A two-time pad cipher refers to using the same one-time pad key to encrypt two different messages. This creates a weakness in an encryption.
As mentioned earlier, just because a key decrypts the one-time pad ciphertext to readable English doesn’t mean it is the correct key. However, when you use the same key for two different messages, you’re giving crucial information to the hacker. If you encrypt two messages using the same key and a hacker finds a key that decrypts the first ciphertext to readable English but decrypts the second message to random garbage text, the hacker will know that the key they found must not be the original key. In fact, it is highly likely that there is only one key that decrypts both messages to English, as you’ll see in the next section.
If the hacker has only one of the two messages, that message is still perfectly encrypted. But we must always assume that all of our encrypted messages are being intercepted by hackers and governments. Otherwise, we wouldn’t bother encrypting messages in the first place. Shannon’s maxim is important to keep in mind: the enemy knows the system! This includes all of your ciphertext.
You’ve already learned how to break Vigenère ciphers. If we can show that a two-time pad cipher is the same as a Vigenère cipher, we can prove that it’s breakable using the same techniques used to break the Vigenère cipher.
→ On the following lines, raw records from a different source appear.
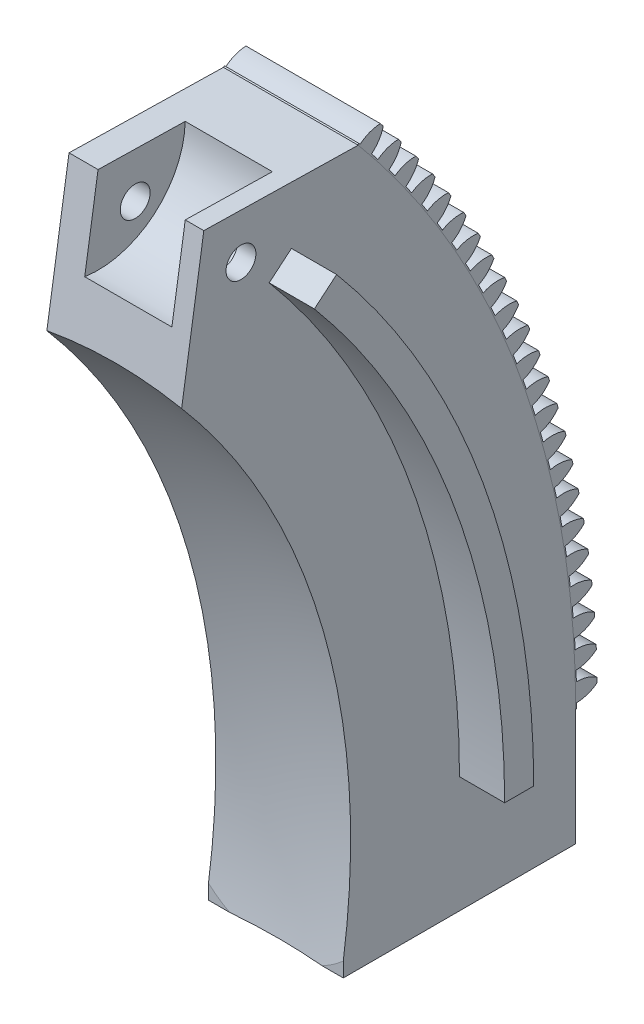
SolidWorks part; units mm, degrees
material "ABS"
ref_plane "Front Plane" through (0, 0, 0) normal (0, 0, 1) x (1, 0, 0)
ref_plane "Top Plane" through (0, 0, 0) normal (0, 1, 0) x (1, 0, 0)
ref_plane "Right Plane" through (0, 0, 0) normal (1, 0, 0) x (0, 0, -1)
ref_plane "Plane2" through (6.35, 0, 0) normal (1, 0, 0) x (0, 0, -1)
sketch "Sketch1" plane through (0, 0, 0) normal (1, 0, 0) x (0, 0, -1)
  line L0 (-1000, 0) -> (152.4, 0) construction
  line L1 (152.4, 0) -> (152.4, -25.4)
  line L2 (0, 0) -> (116.7452, 97.9608) construction
  line L4 (203.2, 0) -> (49000, 0) construction
  line L7 (152.4, -25.4) -> (203.2, -25.4)
  line L8 (203.2, 0) -> (203.2, -25.4)
  line L10 (-19.9245, -15.6845) -> (159.6649, 125.6875) construction
  line L61 (160.8976, 124.1056) -> (0, 0) construction
  line L62 (136.2027, 114.2876) -> (121.9167, 131.313) construction
  line L63 (116.7452, 97.9608) -> (121.9167, 131.313)
  line L67 (121.9167, 131.313) -> (155.6602, 130.6144)
  line L68 (0, 0) -> (35966.99, 34732.9185) construction
  line L69 (159.6736, 125.6943) -> (159.6985, 125.714) construction
  arc A2 (152.4, 0) -> (116.7452, 97.9608) centre (0, 0) ccw
  circle A19 centre (0, 0) radius 203.2 construction
  arc A22 (155.6602, 130.6144) -> (203.2, 0) centre (0, 0) cw
  point P6 (159.6985, 125.714)
  point P7 (116.7452, 97.9608)
  dimension "D1" = 152.4
  dimension "D2" = 6.35
  dimension "D12" = 406.4
  dimension "D3" = 40
  dimension "D4" = 50.8
  dimension "D5" = 25.4
  dimension "D11" = 22.225
  dimension "D13" = 44
sketch "Sketch2" plane through (6.35, 0, 0) normal (1, 0, 0) x (0, 0, -1)
  line L0 (0, 0) -> (165.1, 0) construction
  line L1 (165.1, 0) -> (190.5, 0) construction
  line L2 (0, 0) -> (49240.3877, 8682.4089) construction
  circle A0 centre (165.1, 0) radius 3.2639
  circle A1 centre (190.5, 0) radius 3.2639
  arc A3 (165.1, 0) -> (162.5918, 28.6693) centre (0, 0) ccw construction
  circle A4 centre (162.5918, 28.6693) radius 3.2639
  arc A5 (190.5, 0) -> (187.6059, 33.08) centre (0, 0) ccw construction
  circle A6 centre (187.6059, 33.08) radius 3.2639
  dimension "D3" = 6.5278
  dimension "D4" = 6.5278
  dimension "D6" = 6.5278
  dimension "D7" = 6.5278
  dimension "D1" = 165.1
  dimension "D2" = 25.4
  dimension "D5" = 10
sketch "Sketch11" plane through (6.35, 0, 0) normal (1, 0, 0) x (0, 0, -1)
  line L0 (-785.502, -659.1144) -> (0, 0) construction
  line L2 (-1000, 0) -> (0, 0) construction
  line L3 (203.2, 0) -> (208, 0)
  line L4 (155.6602, 130.6144) -> (159.3372, 133.6998)
  line L5 (159.3372, 133.6998) -> (921.7047, 773.4021) construction
  arc A0 (-230, 0) -> (-176.1902, -147.8412) centre (0, 0) ccw construction
  arc A1 (-208, 0) -> (-159.3372, -133.6998) centre (0, 0) ccw construction
  arc A2 (-205.6, 0) -> (-157.4987, -132.1571) centre (0, 0) ccw construction
  arc A3 (208, 0) -> (159.3372, 133.6998) centre (0, 0) ccw
  arc A4 (230, 0) -> (176.1902, 147.8412) centre (0, 0) ccw construction
  arc A5 (-205.6, 0) -> (-157.4987, -132.1571) centre (0, 0) ccw
  arc A6 (155.6602, 130.6144) -> (203.2, 0) centre (0, 0) cw
  dimension "D1" = 460
  dimension "D2" = 416
  dimension "D4" = 203.2
  dimension "D3" = 2.4
  dimension "D5" = 40
extrude "Boss-Extrude2" add sketch "Sketch11" against normal blind 6.35 contours L3 A3 L4 region at (6.35, 69.9896, -192.2947)
sketch "Sketch12" plane through (6.35, 0, 0) normal (1, 0, 0) x (0, 0, -1)
  line L0 (0, 0) -> (208, 0) construction
  line L1 (203.2, 0) -> (208, 0) construction
  line L2 (205.994, 1.5708) -> (205.994, -1.5708) construction
  line L3 (0, 0) -> (203.4969, 1.1234) construction
  line L4 (201.6783, 0) -> (208.9831, 2.6587) construction
  line L5 (0, 0) -> (208.9757, 3.1872) construction
  line L6 (205.994, 1.5708) -> (205.9461, 4.712) construction
  circle A0 centre (0, 0) radius 206 construction
  arc A1 (208, 0) -> (159.3372, 133.6998) centre (0, 0) ccw construction
  circle A2 centre (0, 0) radius 203.5 construction
  arc A3 (203.4969, 1.1234) -> (208.9694, 3.5771) centre (203.4559, 8.5441) ccw
  arc A4 (209, 0) -> (208.9694, -3.5771) centre (0, 0) cw
  arc A5 (203.4969, -1.1234) -> (208.9694, -3.5771) centre (203.4559, -8.5441) cw
  arc A6 (209, 0) -> (160.1033, 134.3426) centre (0, 0) ccw
  arc A7 (209, 0) -> (208.9694, 3.5771) centre (0, 0) ccw
  arc A8 (203.4969, 1.1234) -> (203.4969, -1.1234) centre (0, 0) cw
  arc A9 (208, 0) -> (159.3372, 133.6998) centre (0, 0) ccw construction
  dimension "D1" = 412
  dimension "D3" = 20
  dimension "D4" = 0.874
  dimension "D5" = 4.5
  dimension "D2" = 1
extrude "Boss-Extrude3" add sketch "Sketch1" along normal blind 29.464
extrude "Cut-Extrude4" cut sketch "Sketch12" against normal blind 6.35
pattern_circular "CirPattern3" count 100 every 1.748 about axis through (0, 0, 0) along (1, 0, 0) of "Cut-Extrude4"
sketch "Sketch15" plane through (6.35, 0, 0) normal (1, 0, 0) x (0, 0, -1)
  line L0 (0, 0) -> (130.0347, 121.2593) construction
  line L1 (-196961.5506, -34729.6355) -> (246201.9383, 43412.0444) construction
  circle A0 centre (130.0347, 121.2593) radius 3.2639
  dimension "D3" = 6.5278
  dimension "D1" = 177.8
  dimension "D2" = 33
extrude "Cut-Extrude7" cut sketch "Sketch15" against normal through all both and the other way through all
sketch "Sketch21" plane through (0, 0, 0) normal (0, 1, 0) x (1, 0, 0)
  line L0 (0, 0) -> (-11.1125, 0) construction
  line L1 (12.7, 0) -> (12.7, 152.4) construction
  line L2 (0, 0) -> (12.7, 0) construction
  line L3 (-11.1125, 0) -> (-11.1125, 38.1) construction
  line L4 (-11.1125, 38.1) -> (-127.8666, 38.1) construction
  line L5 (-11.1125, 38.1) -> (105.6416, 38.1) construction
  line L6 (107.5153, 38.1) -> (-49892.4847, 38.1) construction
  line L7 (-1000, 0) -> (49000, 0) construction
  line L8 (14.732, 38.1) -> (14.732, 152.4) construction
  line L9 (29.464, 152.4) -> (0, 152.4) construction
  line L10 (-76.1776, 38.1) -> (157.3306, 38.1) construction
  line L11 (29.464, 152.4) -> (0, 152.4) construction
  line L12 (0, 152.4) -> (14.732, 152.4) construction
  line L13 (14.732, 152.4) -> (14.732, 130.0627) construction
  line L15 (-76.1776, 38.1) -> (-102.108, 38.1)
  line L16 (105.6416, 38.1) -> (131.572, 38.1)
  line L17 (-76.1776, 38.1) -> (105.6416, 38.1)
  arc A0 (105.6416, 38.1) -> (-127.8666, 38.1) centre (-11.1125, 38.1) ccw construction
  arc A1 (-76.1776, 38.1) -> (157.3306, 38.1) centre (40.5765, 38.1) cw construction
  arc A2 (-102.108, 38.1) -> (131.572, 38.1) centre (14.732, 38.1) cw
  dimension "D3" = 12.7
  dimension "D5" = 116.84
  dimension "D1" = 11.1125
  dimension "D2" = 152.4
  dimension "D4" = 38.1
revolve "Cut-Revolve7" cut sketch "Sketch21" angle 360 about L7 reverse direction yes
sketch "Sketch22" plane through (6.35, 0, 0) normal (1, 0, 0) x (0, 0, -1)
  line L0 (0, 0) -> (130.0347, 121.2593)
  line L1 (0, 0) -> (177.8, 0)
  dimension "D1" = 177.8
sketch "Sketch23" plane through (0, 0, 0) normal (1, 0, 0) x (0, 0, -1)
  line L0 (0, 0) -> (152.4, 0) construction
  line L1 (0, 0) -> (116.7452, 97.9608) construction
  line L2 (152.4, 0) -> (171.45, 0) construction
  line L3 (116.7452, 97.9608) -> (136.2027, 114.2876) construction
  line L4 (177.8, 0) -> (184.15, 0)
  line L5 (136.2027, 114.2876) -> (141.0671, 118.3693)
  arc A0 (152.4, 0) -> (116.7452, 97.9608) centre (0, 0) ccw construction
  circle A2 centre (171.45, 0) radius 6.35 construction
  arc A3 (177.8, 0) -> (136.2027, 114.2876) centre (0, 0) ccw
  arc A4 (184.15, 0) -> (141.0671, 118.3693) centre (0, 0) ccw
  circle A5 centre (190.5, 0) radius 6.35 construction
  dimension "D4" = 6.35
  dimension "D5" = 12.7
  dimension "D6" = 12.7
  dimension "D1" = 152.4
  dimension "D2" = 40
  dimension "D3" = 19.05
extrude "Boss-Extrude4" add sketch "Sketch23" against normal blind 9.8742
ref_plane "Plane3" through (14.732, 0, 0) normal (1, 0, 0) x (0, 0, -1)
mirror "Mirror2" about plane through (14.732, 0, 0) normal (1, 0, 0) of "Boss-Extrude4"
sketch "Sketch24" plane through (0, -15.3774, -99.171) normal (0, 0.1532, 0.9882) x (1, 0, 0)
  line L0 (0, 148.4434) -> (6.35, 148.4434) construction
  line L1 (29.464, 148.4434) -> (0, 148.4434) construction
  line L3 (6.35, 148.4434) -> (25.4, 148.4434)
  line L4 (6.35, 148.4434) -> (6.35, 129.3934)
  line L5 (6.35, 129.3934) -> (25.4, 129.3934)
  line L6 (25.4, 148.4434) -> (25.4, 129.3934)
  dimension "D1" = 6.35
  dimension "D2" = 19.05
  dimension "D3" = 19.05
revolve "Cut-Revolve8" cut sketch "Sketch24" angle 360 about L0
sketch "Sketch25" plane through (0, 0, -203.2) normal (0, 0, -1) x (-1, 0, 0)
  line L0 (0, 0) -> (0, -3.175) construction
  line L1 (0, -25.4) -> (0, 0) construction
  line L3 (0, -3.175) -> (-6.35, -3.175)
  line L4 (0, -3.175) -> (0, -9.525)
  line L5 (0, -9.525) -> (-6.35, -9.525)
  line L6 (-6.35, -3.175) -> (-6.35, -9.525)
  dimension "D1" = 3.175
  dimension "D2" = 6.35
  dimension "D3" = 6.35
extrude "Boss-Extrude5" add sketch "Sketch25" along normal blind 4.7625
fillet "Fillet3" radius 2.54 3 edges at (3.175, -9.525, -203.2) (3.175, -3.175, -203.2) (6.35, -6.35, -203.2)
sketch "Sketch26" plane through (0, 0, 0) normal (-1, 0, 0) x (0, 0, 1)
  circle A0 centre (0, 0) radius 206
  dimension "D1" = 412
sketch "Sketch27" plane through (6.35, 0, 0) normal (1, 0, 0) x (0, 0, -1)
  line L2 (155.89, 130.8073) -> (155.6602, 130.6144)
  line L3 (203.2, 0) -> (203.5, 0)
  line L4 (155.89, 130.8073) -> (155.6602, 130.6144)
  line L5 (203.2, 0) -> (203.5, 0)
  arc A94 (203.368, 7.3287) -> (207.805, 9.0055) centre (203.1007, 14.7447) ccw
  arc A95 (207.805, 9.0055) -> (207.7585, 10.0204) centre (0, 0) ccw
  arc A96 (207.7585, 10.0204) -> (203.1869, 11.2847) centre (203.5984, 3.8753) ccw
  arc A97 (203.1869, 11.2847) -> (203.0499, 13.5273) centre (0, 0) ccw
  arc A98 (203.0499, 13.5273) -> (207.4337, 15.3385) centre (202.5566, 20.9317) ccw
  arc A99 (207.4337, 15.3385) -> (207.3563, 16.3516) centre (0, 0) ccw
  arc A100 (207.3563, 16.3516) -> (202.7482, 17.4759) centre (203.3855, 10.0825) ccw
  arc A101 (202.7482, 17.4759) -> (202.5429, 19.7132) centre (0, 0) ccw
  arc A102 (202.5429, 19.7132) -> (206.8694, 21.6573) centre (201.8241, 27.0991) ccw
  arc A103 (206.8694, 21.6573) -> (206.7612, 22.6675) centre (0, 0) ccw
  arc A104 (206.7612, 22.6675) -> (202.121, 23.6508) centre (202.9834, 16.2802) ccw
  arc A105 (202.121, 23.6508) -> (201.8476, 25.8808) centre (0, 0) ccw
  arc A106 (201.8476, 25.8808) -> (206.1127, 27.956) centre (200.9038, 33.2414) ccw
  arc A107 (206.1127, 27.956) -> (205.9737, 28.9624) centre (0, 0) ccw
  arc A108 (205.9737, 28.9624) -> (201.3057, 29.8037) centre (202.3925, 22.4629) ccw
  arc A109 (201.3057, 29.8037) -> (200.9644, 32.0244) centre (0, 0) ccw
  arc A110 (200.9644, 32.0244) -> (205.1643, 34.2286) centre (199.7966, 39.3527) ccw
  arc A111 (205.1643, 34.2286) -> (204.9947, 35.2304) centre (0, 0) ccw
  arc A112 (204.9947, 35.2304) -> (200.3032, 35.9289) centre (201.6134, 28.6246) ccw
  arc A113 (200.3032, 35.9289) -> (199.8943, 38.1381) centre (0, 0) ccw
  arc A114 (199.8943, 38.1381) -> (204.0251, 40.4694) centre (198.5036, 45.4275) ccw
  arc A115 (204.0251, 40.4694) -> (203.825, 41.4655) centre (0, 0) ccw
  arc A116 (203.825, 41.4655) -> (199.1143, 42.0207) centre (200.6467, 34.7598) ccw
  arc A117 (199.1143, 42.0207) -> (198.6383, 44.2164) centre (0, 0) ccw
  arc A118 (198.6383, 44.2164) -> (202.696, 46.6726) centre (197.0259, 51.4599) ccw
  arc A119 (202.696, 46.6726) -> (202.4656, 47.6621) centre (0, 0) ccw
  arc A120 (202.4656, 47.6621) -> (197.7402, 48.0734) centre (199.4933, 40.8625) ccw
  arc A121 (197.7402, 48.0734) -> (197.1975, 50.2535) centre (0, 0) ccw
  arc A122 (197.1975, 50.2535) -> (201.1784, 52.8323) centre (195.3649, 57.4445) ccw
  arc A123 (201.1784, 52.8323) -> (200.9179, 53.8144) centre (0, 0) ccw
  arc A124 (200.9179, 53.8144) -> (196.1822, 54.0813) centre (198.1544, 46.9273) ccw
  arc A125 (196.1822, 54.0813) -> (195.5732, 56.2439) centre (0, 0) ccw
  arc A126 (195.5732, 56.2439) -> (199.4736, 58.9429) centre (193.5222, 63.3757) ccw
  arc A127 (199.4736, 58.9429) -> (199.1834, 59.9166) centre (0, 0) ccw
  arc A128 (199.1834, 59.9166) -> (194.4417, 60.039) centre (196.6311, 52.9484) ccw
  arc A129 (194.4417, 60.039) -> (193.767, 62.182) centre (0, 0) ccw
  arc A130 (193.767, 62.182) -> (197.5833, 64.9987) centre (191.4995, 69.2479) ccw
  arc A131 (197.5833, 64.9987) -> (197.2635, 65.963) centre (0, 0) ccw
  arc A132 (197.2635, 65.963) -> (192.5203, 65.9408) centre (194.9249, 58.9203) ccw
  arc A133 (192.5203, 65.9408) -> (191.7806, 68.0622) centre (0, 0) ccw
  arc A134 (191.7806, 68.0622) -> (195.5092, 70.994) centre (189.2986, 75.0557) ccw
  arc A135 (195.5092, 70.994) -> (195.1601, 71.9481) centre (0, 0) ccw
  arc A136 (195.1601, 71.9481) -> (190.4198, 71.7812) centre (193.0374, 64.8374) ccw
  arc A137 (190.4198, 71.7812) -> (189.6157, 73.8791) centre (0, 0) ccw
  arc A138 (189.6157, 73.8791) -> (193.2532, 76.9233) centre (186.9217, 80.7937) ccw
  arc A139 (193.2532, 76.9233) -> (192.8752, 77.8663) centre (0, 0) ccw
  arc A140 (192.8752, 77.8663) -> (188.1422, 77.5549) centre (190.9703, 70.6941) ccw
  arc A141 (188.1422, 77.5549) -> (187.2745, 79.6273) centre (0, 0) ccw
  arc A142 (187.2745, 79.6273) -> (190.8175, 82.781) centre (184.3708, 86.4565) ccw
  arc A143 (190.8175, 82.781) -> (190.4109, 83.712) centre (0, 0) ccw
  arc A144 (190.4109, 83.712) -> (185.6896, 83.2565) centre (188.7256, 76.4851) ccw
  arc A145 (185.6896, 83.2565) -> (184.7591, 85.3014) centre (0, 0) ccw
  arc A146 (184.7591, 85.3014) -> (188.2042, 88.5617) centre (181.6485, 92.0389) ccw
  arc A147 (188.2042, 88.5617) -> (187.7694, 89.4799) centre (0, 0) ccw
  arc A148 (187.7694, 89.4799) -> (183.0642, 88.8806) centre (186.3053, 82.2049) ccw
  arc A149 (183.0642, 88.8806) -> (182.0718, 90.8962) centre (0, 0) ccw
  arc A150 (182.0718, 90.8962) -> (185.4159, 94.26) centre (178.7571, 97.5357) ccw
  arc A151 (185.4159, 94.26) -> (184.9533, 95.1645) centre (0, 0) ccw
  arc A152 (184.9533, 95.1645) -> (180.2685, 94.422) centre (183.7117, 87.8483) ccw
  arc A153 (180.2685, 94.422) -> (179.2151, 96.4064) centre (0, 0) ccw
  arc A154 (179.2151, 96.4064) -> (182.4551, 99.8706) centre (175.6995, 102.9417) ccw
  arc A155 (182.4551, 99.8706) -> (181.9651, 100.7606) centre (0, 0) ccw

To explain why the two-time pad is hackable just like the Vigenère cipher, let’s review how the Vigenère cipher works when it encrypts a message that is longer than the key. When we run out of letters in the key to encrypt with, we go back to the first letter of the key and continue encrypting. For example, to encrypt a 20-letter message like BLUE IODINE INBOUND CAT with a 10-letter key such as YZNMPZXYXY, the first 10 letters (BLUE IODINE) are encrypted with YZNMPZXYXY, and then the next 10 letters (INBOUND CAT) are also encrypted with YZNMPZXYXY. Figure 21-3 shows this wraparound effect.
Figure 21-3: The Vigenère cipher’s wraparound effect
Using the one-time pad cipher, let’s say the 10-letter message BLUE IODINE is encrypted using the one-time pad key YZNMPZXYXY. Then the cryptographer makes the mistake of encrypting a second 10-letter message, INBOUND CAT, with the same one-time pad key, YZNMPZXYXY, as shown in Figure 21-4.
Figure 21-4: Encrypting plaintext using a one-time pad produces the same ciphertext as the Vigenère cipher.
When we compare the ciphertext of the Vigenère cipher shown in Figure 21-3 (ZKHQXNAGKCGMOAJMAAXR) to the ciphertexts of the one-time pad cipher shown in Figure 21-4 (ZKHQXNAGKC GMOAJMAAXR), we can see they are exactly the same. This means that because the two-time pad cipher has the same properties as the Vigenère cipher, we can use the same techniques to hack it!
In short, a one-time pad is a way to make Vigenère cipher encryptions invulnerable to hacking by using a key that has the same length as the message, is truly random, and is used only once. When these three conditions are met, it’s impossible to break the one-time pad. However, because it’s so inconvenient to use, it’s not used for everyday encryption. Usually, the one-time pad is distributed in person and contains a list of keys. But be sure this list doesn’t fall into the wrong hands!